The southern Gothic novel of Thomas P. Cullinan, “The Beguiled”, is a story about women. Here, the entirely female residents of a seminar in Virginia are shaken by the arrival of a soldier of the wounded union at the height of the civil war, and what he could represent for each of them. This man, corporal John McBurney, seems harmless at first but triggers a disturbing chain of events that encourages rabies, envy and resentment among women (and children). The slow combustion novel jumps through the perspectives, helping us to reconstruct a dizzying story full of suspense on the fallout from the war, and how it extends to the isolated residents of the seminar.
However, the slow story of Cullinan does not give an agency to its female characters that in relation to McBurney, because their individual wants and wishes to disappear the moment when he is not there. There is a few Interiority has woven when events culminate in an acute tragedy, but Cullinan paints the concept of femininity in large horribly shallow shots. It is a novel about women, written by a man who is only interested in making them pass through the narrow lens of heteronormative desire and jealousy. Solidarity and fraternity are foreign to the premise of “The Brouilled”, and any adaptation that was worth its salt should undoubtedly approach and remedy this blatant problem without preventing complexity.
Don Siegel and Clint Eastwood joined forces to give life to “The Brouille” in 1971 has extremely controversial effect. Although criticisms have disseminated due to its misogynistic, sexploitation bent, Eastwood estimated that the film bombed due to bad marketing and its attempt to play against the type (which, in his case, was a lone heroism alone and a stoic masculinity). The point of view of Siegel and Eastwood on the novel seems rather superficial, the emphasis being placed on the sexual charm (manipulator) of McBurney and how it causes the most violent and dangerous impulses of the women around it. Although Eastwood McBurney is supposed to be an uncompromising predator, his victims are engraved as caricatures, pale shadows from whom they are supposed to be.
Over 40 years after the film was released, Sofia Coppola decided to redo “the attractors” With women at the forefront of the macabre gothic horror tale.
Sofia Coppola’s point of view on the attractive is also terribly controversial
“The Beguiled” by Coppola was presented at first at the Cannes Film Festival in 2017 and immediately had an impact with a better victory as a historic director. However, this adaptation has become controversial from the start: although the film is greater than the 1971 version in its treatment of femininity and the female agency, it seemed to have deliberately eluded intersectionality. The only black character in the novel, Mattie, is visibly absent from the film, and Edwina, a biracial woman in source material, is represented by Kirsten Dunst in this adaptation. Coppola justified some of these choices in a declaration published on Indiewire::
“There are many examples of how slaves have been appropriate and” given by a voice “by white artists. Rather than an act of denial, my decision not to include Mattie [the only Black character in the novel] In the film comes from respect […] Some said it was not responsible for filming during the civil war and not to deal directly with slavery and slave characters. I did not think it by preparing this film, but I thought about it and I will continue to do it. “”

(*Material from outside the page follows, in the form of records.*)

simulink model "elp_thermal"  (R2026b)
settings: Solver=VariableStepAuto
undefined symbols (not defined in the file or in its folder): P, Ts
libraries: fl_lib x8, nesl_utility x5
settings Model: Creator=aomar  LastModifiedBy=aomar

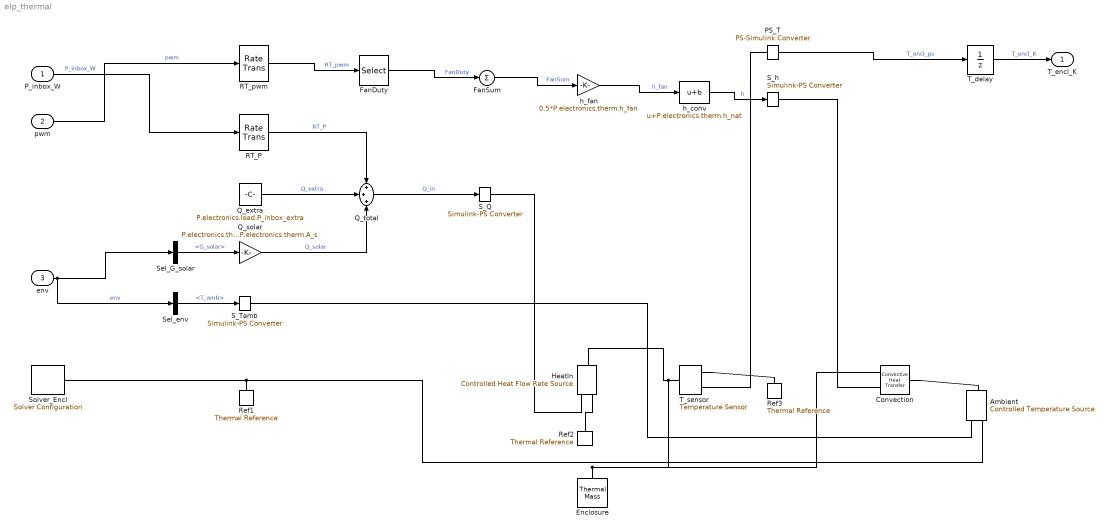
== system elp_thermal ==
  P_inbox_W : Inport  OutDataTypeStr=double  SampleTime=Ts.ctrl
  pwm : Inport  Port=2  OutDataTypeStr=double  PortDimensions=4  SampleTime=Ts.ctrl
  env : Inport  Port=3  OutDataTypeStr=Bus: Bus_EnvState  SampleTime=Ts.hk
  Ambient : fl_lib/Thermal/Thermal Sources/Controlled Temperature Source
  Convection : fl_lib/Thermal/Thermal Elements/Convective Heat Transfer  thermal_type=foundation.enum.constant_variable.variable  area=P.electronics.therm.area m^2  heat_tr_coeff=20 W/(K*m^2)  min_heat_tr_coeff=1e-3 W/(K*m^2)  T_specify=off  T_priority=None  T=0 K  T_nominal_specify=off  T_nominal_value=1  T_nominal_unit=K  Q_specify=off  Q_priority=None  Q=0 W  Q_nominal_specify=off  Q_nominal_value=1  Q_nominal_unit=W
  Enclosure : fl_lib/Thermal/Thermal Elements/Thermal Mass  mass_type=foundation.enum.constant_variable.constant  mass=P.electronics.therm.mass kg  sp_heat=P.electronics.therm.cp J/(kg*K)  mass_min=1e-6 kg  num_ports=foundation.enum.numPorts2.one  m_specify=off  m_priority=High  m=1 kg  m_nominal_specify=off  m_nominal_value=1  m_nominal_unit=kg  T_specify=on  T_priority=High  T=P.electronics.therm.T0 K  T_nominal_specify=off  T_nominal_value=1  T_nominal_unit=K  Q_specify=off  Q_priority=None  Q=0 W  Q_nominal_specify=off  Q_nominal_value=1  Q_nominal_unit=W
  FanDuty : Selector  InputPortWidth=4  IndexOptions=Index vector (dialog)  Indices=[3 4]  OutputSizes=1
  FanSum : Sum  Inputs=+
  HeatIn : fl_lib/Thermal/Thermal Sources/Controlled Heat Flow Rate Source
  PS_T : nesl_utility/PS-Simulink Converter  PhysicalDomain=network_engine_domain  SubClassName=ps_output  LeftPortType=input  RightPortType=output  PseudoPeriodic=off  Frequencies=[]  VectorFormat=inherit  Unit=K  AffineConversion=off
  Q_extra : Constant  Value=P.electronics.load.P_inbox_extra  OutDataTypeStr=double  SampleTime=Ts.hk
  Q_solar : Gain  Gain=P.electronics.therm.alpha_s*P.electronics.therm.A_s
  Q_total : Sum  Inputs=+++
  RT_P : RateTransition  OutPortSampleTime=Ts.hk
  RT_pwm : RateTransition  OutPortSampleTime=Ts.hk
  Ref1 : fl_lib/Thermal/Thermal Elements/Thermal Reference
  Ref2 : fl_lib/Thermal/Thermal Elements/Thermal Reference
  Ref3 : fl_lib/Thermal/Thermal Elements/Thermal Reference
  S_Q : nesl_utility/Simulink-PS Converter  PhysicalDomain=network_engine_domain  SubClassName=ps_input  LeftPortType=input  RightPortType=output  PseudoPeriodic=off  Frequencies=[]  NoiseDistribution=none  NoiseParameters=[]  Unit=W  AffineConversion=off  FilteringAndDerivatives=zero  SimscapeFilterOrder=1  InputFilterTimeConstant=0.001  UdotUserProvided=0
  S_Tamb : nesl_utility/Simulink-PS Converter  PhysicalDomain=network_engine_domain  SubClassName=ps_input  LeftPortType=input  RightPortType=output  PseudoPeriodic=off  Frequencies=[]  NoiseDistribution=none  NoiseParameters=[]  Unit=K  AffineConversion=off  FilteringAndDerivatives=zero  SimscapeFilterOrder=1  InputFilterTimeConstant=0.001  UdotUserProvided=0
  S_h : nesl_utility/Simulink-PS Converter  PhysicalDomain=network_engine_domain  SubClassName=ps_input  LeftPortType=input  RightPortType=output  PseudoPeriodic=off  Frequencies=[]  NoiseDistribution=none  NoiseParameters=[]  Unit=W/(m^2*K)  AffineConversion=off  FilteringAndDerivatives=zero  SimscapeFilterOrder=1  InputFilterTimeConstant=0.001  UdotUserProvided=0
  Sel_G_solar : BusSelector  OutputSignals=G_solar
  Sel_env : BusSelector  OutputSignals=T_amb
  Solver_Encl : nesl_utility/Solver Configuration  PhysicalDomain=network_engine_domain  SubClassName=solver  LeftPortType=input  RightPortType=generic  Tones=[]  Harmonics=[]  SimulateNoise=off  Profile=off  UseLocalSampling=off  EnableSwitchedLinearOptims=on  FrequencyDomain=off  UseCCode=off  RelTol=0.001  AbsTol=0.001  MinStep=1e-09  ToWorkspace=off  RevertToSquareIcSolve=off  NumHomotopyIterations=100  PhasorMode=off  PhasorModeNumHarmonics=1  ConsistencySolver=NEWTON_XTOL_AFTER_FTOL  CanonicalOrdering=CANONICAL  OptimizeIntermediates=OPTIMIZED  MulticoreSolverChoice=BACKWARD_EULER  IndexReductionMethod=DerivativeReplacement  DoDC=off  ResidualTolerance=1e-09  ConsistencyTolSource=GLOBAL  ConsistencyAbsTol=0.001  ConsistencyRelTol=0.001  ConsistencyTolFactor=0.001  UseLocalSolver=on  LocalSolverChoice=NE_BACKWARD_EULER_ADVANCER  ResolveIndetEquations=on  FunctionEvalNumThread=1  LocalSolverSampleTime=P.sim.ssc.Ts_encl  DoFixedCost=on  MaxNonlinIter=3  MaxModeIter=2  ComputeImpulses=off  ImpulseIterations=2  LinearAlgebra=auto  LinearAlgebraNumThread=0  EquationFormulation=NE_TIME_EF  DelaysMemoryBudget=1024  AutomaticFiltering=on  FilteringTimeConstant=0.001  PartitionStorageMethod=AS_NEEDED  PartitionMemoryBudget=1024  PartitionMethod=BALANCED  MultibodyUseLocalSolver=off  MultibodyLocalSolverChoice=ODE1  MultibodyLocalSolverSampleTime=0.001
  T_delay : UnitDelay  InitialCondition=P.electronics.therm.T0  SampleTime=Ts.hk
  T_sensor : fl_lib/Thermal/Thermal Sensors/Temperature Sensor  temperature_measure=foundation.enum.MeasurementReference.difference
  h_conv : Bias  Bias=P.electronics.therm.h_nat  SaturateOnIntegerOverflow=off
  h_fan : Gain  Gain=0.5*P.electronics.therm.h_fan
  T_encl_K : Outport  OutDataTypeStr=double
  wires:
  P_inbox_W/1 -> RT_P/1  "P_inbox_W"
  pwm/1 -> RT_pwm/1  "pwm"
  env/1 -> Sel_G_solar/1, Sel_env/1  "env"
  Sel_G_solar/1 -> Q_solar/1  "<G_solar>"
  Sel_env/1 -> S_Tamb/1  "<T_amb>"
  Q_extra/1 -> Q_total/2  "Q_extra"
  Q_solar/1 -> Q_total/3  "Q_solar"
  RT_pwm/1 -> FanDuty/1  "RT_pwm"
  RT_P/1 -> Q_total/1  "RT_P"
  Q_total/1 -> S_Q/1  "Q_in"
  FanDuty/1 -> FanSum/1  "FanDuty"
  FanSum/1 -> h_fan/1  "FanSum"
  h_fan/1 -> h_conv/1  "h_fan"
  h_conv/1 -> S_h/1  "h"
  PS_T/1 -> T_delay/1  "T_encl_ps"
  T_delay/1 -> T_encl_K/1  "T_encl_K"
  connections:
  Convection/RConn1 -- Ambient/LConn1
  S_Tamb/RConn1 -- Ambient/RConn1
  Ref1/LConn1 -- Solver_Encl/RConn1 -- Ambient/RConn2
  S_h/RConn1 -- Convection/LConn2
  S_Q/RConn1 -- HeatIn/RConn1
  HeatIn/RConn2 -- Ref2/LConn1
  PS_T/LConn1 -- T_sensor/RConn2
  T_sensor/LConn1 -- HeatIn/LConn1 -- Enclosure/LConn1 -- Convection/LConn1
  T_sensor/RConn1 -- Ref3/LConn1

Coppola also said that she did not want to “perpetuate a reprehensible stereotype” which was integrated into source equipment, which informed its decision to focus only on “the dynamics of male and female power which could relate to all women “. Although the intention not to regurgitate harmful stereotypes is understandable, the story of “The Beguiled” is only half complete when the prospects of color characters are completely excluded. It is a feminist perspective that is not inclusive at allCoppola eliminating an integral layer of policy based on the breed in a story of the civil war in the Confederate South.
What the version of Coppola’s film brings to the table
If you are able to forget these serious missteps, the version of Coppola is certainly safer and stimulating than the adaptation of Eastwood, because it does not approach female sexuality from a fetish lens. He reinvents source material by investing depth in female characters who were originally written to evoke inexpensive sensationalism, and Coppola adopts a languid and measured approach to evolving history. In an interview The film school rejectsThe director explained why she had decided to redo the controversial film of 1971:
“When I saw the film, it was so fascinating for me that these Macho – Don Siegel and Clint Eastwood filmmakers – would make a story in a girl’s school in the south. It is a male point of view ‘A group of women I thought “okay, I want to tell this story from the point of view of women” […] I felt like I had to give these women a voice, then I thought of turning it from their point of view and [show] women in wartime; You always see stories about men at war, but I don’t think I have seen what happens to women left behind. “”
In addition, Coppola’s film improves the psycho-dramatic aspects of the novel by finding rot under sophisticated facades. Colin Farrell plays corporal John McBurney in this iteration, and his insensitive treatment for women feels more sharp and shocking because From its unnecessary facade. However, this defective feminist reinterpretation suffers from the same traps as the novel on which it is based: we see very few who these women are outside their tumultuous and complex feelings for the only man in their vicinity.
Perhaps, it is preferable that we collectively leave “attractants” as a novel that deserves to be adapted and focus on the Countless stories centered on women that In fact deserve to be struck off.